I am having built some passive crossovers made for these speakers. All the internal wiring will be 14 Gauge for the tweeter and 12 Gauge for the Midbass / Midrange. The wire is solid core copper. I did a listening comparison of this wire vs some stranded copper wire of the same gauge. I heard a cleaner top end on the solid core wire. It sounded good on both, but the solid core sounded better. I know over time I will upgrade the wiring to possible silver solid core. But right now, I am content with the my results. The main wire that goes from the speaker to the amp/receiver will be solid core as well. It will be 12 gauge at about 15 feet in length.

Right now I am in the hunt for a receiver. I would really like a 2.1 Receiver with HDMI inputs and outs, but that for some reason seems like it does not exist. So I am on a hunt. If there are any recommendations please let me know. 

In this system, I am configuring a Home Theater PC. The conclusion of that will come on the back in of this enclosure and receiver.

Let me know if you have any questions. This shall be a fun project.


----------



## Huckleberry Sound (Jan 17, 2009)

Today I am doing some wire research. I have purchased all the solid core wire. I did some more reading and found a place that offers some silver wire at a decent price. So I am going to speak to them soon. From all the reviews of silver wire, it turns out to give a better sound. That is the focus right now until I receiver the enclosures from my co-worker doing the wood work.


----------



## Huckleberry Sound (Jan 17, 2009)

Today is about speaker wire research. Right now I am going to possible run some internal silver wire. From all the reading and reviews it sounds like a nice way to go. I would rather invest it now then to come back and start all over again. So I am going to keep checking in to it. 

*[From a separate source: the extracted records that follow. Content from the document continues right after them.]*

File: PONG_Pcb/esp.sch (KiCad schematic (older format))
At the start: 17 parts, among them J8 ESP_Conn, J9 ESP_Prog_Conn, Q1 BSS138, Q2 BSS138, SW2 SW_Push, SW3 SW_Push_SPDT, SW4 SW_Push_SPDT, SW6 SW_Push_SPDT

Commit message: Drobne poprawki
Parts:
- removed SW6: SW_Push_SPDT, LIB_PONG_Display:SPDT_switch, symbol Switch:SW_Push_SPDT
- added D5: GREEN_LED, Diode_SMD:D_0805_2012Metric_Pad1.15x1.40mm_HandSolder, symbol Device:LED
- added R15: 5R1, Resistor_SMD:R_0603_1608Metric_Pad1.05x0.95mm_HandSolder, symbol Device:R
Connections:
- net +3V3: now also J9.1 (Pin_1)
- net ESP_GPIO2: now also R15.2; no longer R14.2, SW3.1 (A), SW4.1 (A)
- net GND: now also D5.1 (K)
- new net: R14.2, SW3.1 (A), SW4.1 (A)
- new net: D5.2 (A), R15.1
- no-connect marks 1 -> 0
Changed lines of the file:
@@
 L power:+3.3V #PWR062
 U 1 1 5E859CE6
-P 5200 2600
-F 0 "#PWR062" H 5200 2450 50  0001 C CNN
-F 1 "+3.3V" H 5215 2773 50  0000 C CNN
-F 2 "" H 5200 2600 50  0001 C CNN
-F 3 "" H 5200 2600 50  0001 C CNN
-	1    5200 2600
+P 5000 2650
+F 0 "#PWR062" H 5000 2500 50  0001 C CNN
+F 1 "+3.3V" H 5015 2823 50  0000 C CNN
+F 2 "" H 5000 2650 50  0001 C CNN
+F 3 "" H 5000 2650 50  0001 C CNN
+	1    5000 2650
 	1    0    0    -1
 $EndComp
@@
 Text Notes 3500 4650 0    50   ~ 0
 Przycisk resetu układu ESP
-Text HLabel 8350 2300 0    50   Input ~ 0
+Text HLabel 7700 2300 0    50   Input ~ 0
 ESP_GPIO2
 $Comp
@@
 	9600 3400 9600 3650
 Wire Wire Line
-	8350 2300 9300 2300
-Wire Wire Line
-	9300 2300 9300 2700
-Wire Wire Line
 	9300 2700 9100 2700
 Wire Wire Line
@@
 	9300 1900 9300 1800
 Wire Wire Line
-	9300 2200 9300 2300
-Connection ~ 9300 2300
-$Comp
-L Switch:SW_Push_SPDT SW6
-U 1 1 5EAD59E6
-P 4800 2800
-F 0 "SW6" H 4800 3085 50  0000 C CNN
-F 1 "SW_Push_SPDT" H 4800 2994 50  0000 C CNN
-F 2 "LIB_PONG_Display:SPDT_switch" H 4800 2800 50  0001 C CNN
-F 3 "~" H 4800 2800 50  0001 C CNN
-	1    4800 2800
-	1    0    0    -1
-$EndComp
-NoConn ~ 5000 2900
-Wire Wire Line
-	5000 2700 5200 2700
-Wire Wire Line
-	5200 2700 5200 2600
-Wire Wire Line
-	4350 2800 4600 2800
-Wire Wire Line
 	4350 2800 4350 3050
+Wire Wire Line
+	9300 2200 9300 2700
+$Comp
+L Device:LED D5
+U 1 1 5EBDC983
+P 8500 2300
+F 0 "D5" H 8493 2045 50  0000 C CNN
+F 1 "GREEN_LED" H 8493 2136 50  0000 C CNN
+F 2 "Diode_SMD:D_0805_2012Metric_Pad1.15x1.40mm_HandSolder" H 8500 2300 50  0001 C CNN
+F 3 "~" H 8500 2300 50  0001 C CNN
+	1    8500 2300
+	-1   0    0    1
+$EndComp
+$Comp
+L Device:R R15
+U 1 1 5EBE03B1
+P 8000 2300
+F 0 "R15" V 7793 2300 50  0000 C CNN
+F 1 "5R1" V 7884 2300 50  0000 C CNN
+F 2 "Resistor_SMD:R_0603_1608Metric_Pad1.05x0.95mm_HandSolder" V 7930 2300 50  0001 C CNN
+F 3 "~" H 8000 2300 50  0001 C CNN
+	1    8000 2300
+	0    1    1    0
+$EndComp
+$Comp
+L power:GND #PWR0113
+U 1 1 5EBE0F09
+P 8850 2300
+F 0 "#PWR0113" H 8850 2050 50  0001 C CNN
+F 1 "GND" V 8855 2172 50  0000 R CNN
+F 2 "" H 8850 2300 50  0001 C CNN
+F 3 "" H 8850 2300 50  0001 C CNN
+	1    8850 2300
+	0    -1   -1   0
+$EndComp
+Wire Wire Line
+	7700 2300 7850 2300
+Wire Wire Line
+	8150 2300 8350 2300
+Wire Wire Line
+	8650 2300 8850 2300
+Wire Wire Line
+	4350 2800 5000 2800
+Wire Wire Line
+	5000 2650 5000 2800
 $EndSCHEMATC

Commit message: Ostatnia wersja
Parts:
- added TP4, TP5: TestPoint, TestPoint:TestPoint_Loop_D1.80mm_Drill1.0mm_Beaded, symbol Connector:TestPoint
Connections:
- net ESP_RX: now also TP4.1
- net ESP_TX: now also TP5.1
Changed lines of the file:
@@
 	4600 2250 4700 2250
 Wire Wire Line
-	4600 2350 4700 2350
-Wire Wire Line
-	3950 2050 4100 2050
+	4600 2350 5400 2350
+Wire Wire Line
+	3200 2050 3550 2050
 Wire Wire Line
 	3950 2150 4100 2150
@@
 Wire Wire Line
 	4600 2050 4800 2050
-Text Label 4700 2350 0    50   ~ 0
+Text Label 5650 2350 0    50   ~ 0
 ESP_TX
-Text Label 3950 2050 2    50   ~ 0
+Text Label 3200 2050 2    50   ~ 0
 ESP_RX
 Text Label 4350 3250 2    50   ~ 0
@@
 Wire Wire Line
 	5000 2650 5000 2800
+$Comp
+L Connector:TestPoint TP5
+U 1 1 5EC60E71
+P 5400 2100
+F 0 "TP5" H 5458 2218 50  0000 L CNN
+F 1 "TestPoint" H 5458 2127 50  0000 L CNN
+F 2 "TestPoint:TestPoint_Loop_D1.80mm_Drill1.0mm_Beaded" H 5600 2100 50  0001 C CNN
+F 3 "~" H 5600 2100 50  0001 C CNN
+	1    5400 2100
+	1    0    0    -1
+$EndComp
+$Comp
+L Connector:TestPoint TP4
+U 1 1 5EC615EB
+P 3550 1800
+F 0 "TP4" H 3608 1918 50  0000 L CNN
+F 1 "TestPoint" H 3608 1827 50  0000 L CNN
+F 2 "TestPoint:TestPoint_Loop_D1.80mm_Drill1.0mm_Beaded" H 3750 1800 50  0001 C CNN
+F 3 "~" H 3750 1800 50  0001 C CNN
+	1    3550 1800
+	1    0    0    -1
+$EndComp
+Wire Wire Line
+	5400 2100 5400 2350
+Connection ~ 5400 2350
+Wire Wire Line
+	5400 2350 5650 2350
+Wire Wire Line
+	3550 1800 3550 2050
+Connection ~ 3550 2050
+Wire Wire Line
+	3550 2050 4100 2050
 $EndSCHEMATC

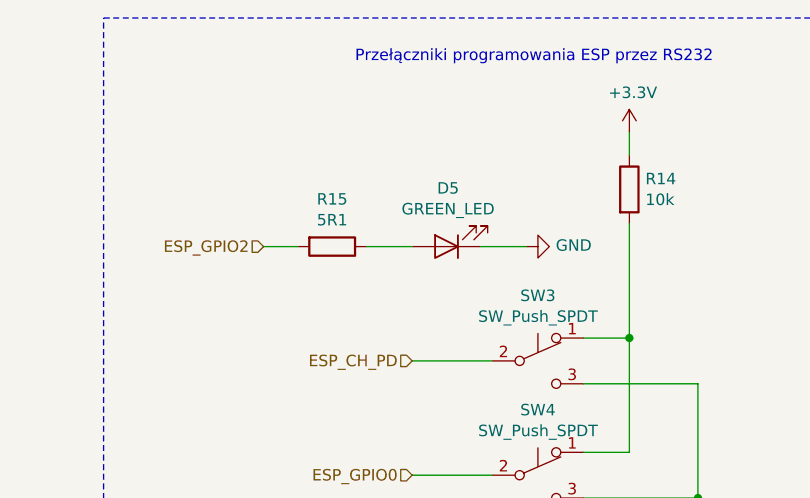
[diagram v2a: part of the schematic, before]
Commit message: Drobna zmiana wartości elementów
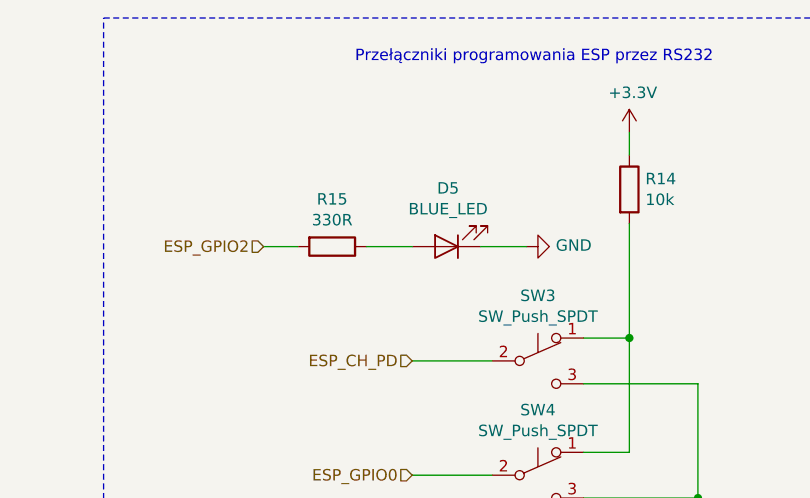
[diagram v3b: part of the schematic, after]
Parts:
- D5: value GREEN_LED -> BLUE_LED
- R15: value 5R1 -> 330R
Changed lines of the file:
@@
 P 8500 2300
 F 0 "D5" H 8493 2045 50  0000 C CNN
-F 1 "GREEN_LED" H 8493 2136 50  0000 C CNN
+F 1 "BLUE_LED" H 8493 2136 50  0000 C CNN
 F 2 "Diode_SMD:D_0805_2012Metric_Pad1.15x1.40mm_HandSolder" H 8500 2300 50  0001 C CNN
 F 3 "~" H 8500 2300 50  0001 C CNN
@@
 P 8000 2300
 F 0 "R15" V 7793 2300 50  0000 C CNN
-F 1 "5R1" V 7884 2300 50  0000 C CNN
+F 1 "330R" V 7884 2300 50  0000 C CNN
 F 2 "Resistor_SMD:R_0603_1608Metric_Pad1.05x0.95mm_HandSolder" V 7930 2300 50  0001 C CNN
 F 3 "~" H 8000 2300 50  0001 C CNN

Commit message: poprawki koncowe
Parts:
- added R1: 10k, Resistor_SMD:R_0603_1608Metric_Pad1.05x0.95mm_HandSolder, symbol Device:R
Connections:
- net +3V3: now also R1.1
- net at R14.2, SW3.1 (A): no longer SW4.1 (A)
- new net: R1.2, SW4.1 (A)
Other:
- note added: "Konwerter stanów logicznych\n"
- note removed: "konwerter stanów logicznych\n"
- moved on the sheet: C22, D4, D5, J8, J9, Q1, Q2, R10, R11, R12, R13, R14

The wiring that will run from the receiver to the amp will be a solid core copper. 12 gauge will be the one.


----------



## Huckleberry Sound (Jan 17, 2009)

Right now the speakers are being built. I will be taking more material over to the builder.


----------



## Huckleberry Sound (Jan 17, 2009)

I have seen the first cuts on it way to building the enclosure. It is going to take some time. Due to the size and the internal reinforcement of the enclosure. This enclosure is built to be solid and secure. So that even if I so desired at a later point and time to upgrade to an 8" driver. With a chance of the port it could be possible If I so desired. 

I am going to enjoy this. Right now it is time to start to purchase some of the smaller parts for the enclosure. 

I shall keep ya posted!!!


----------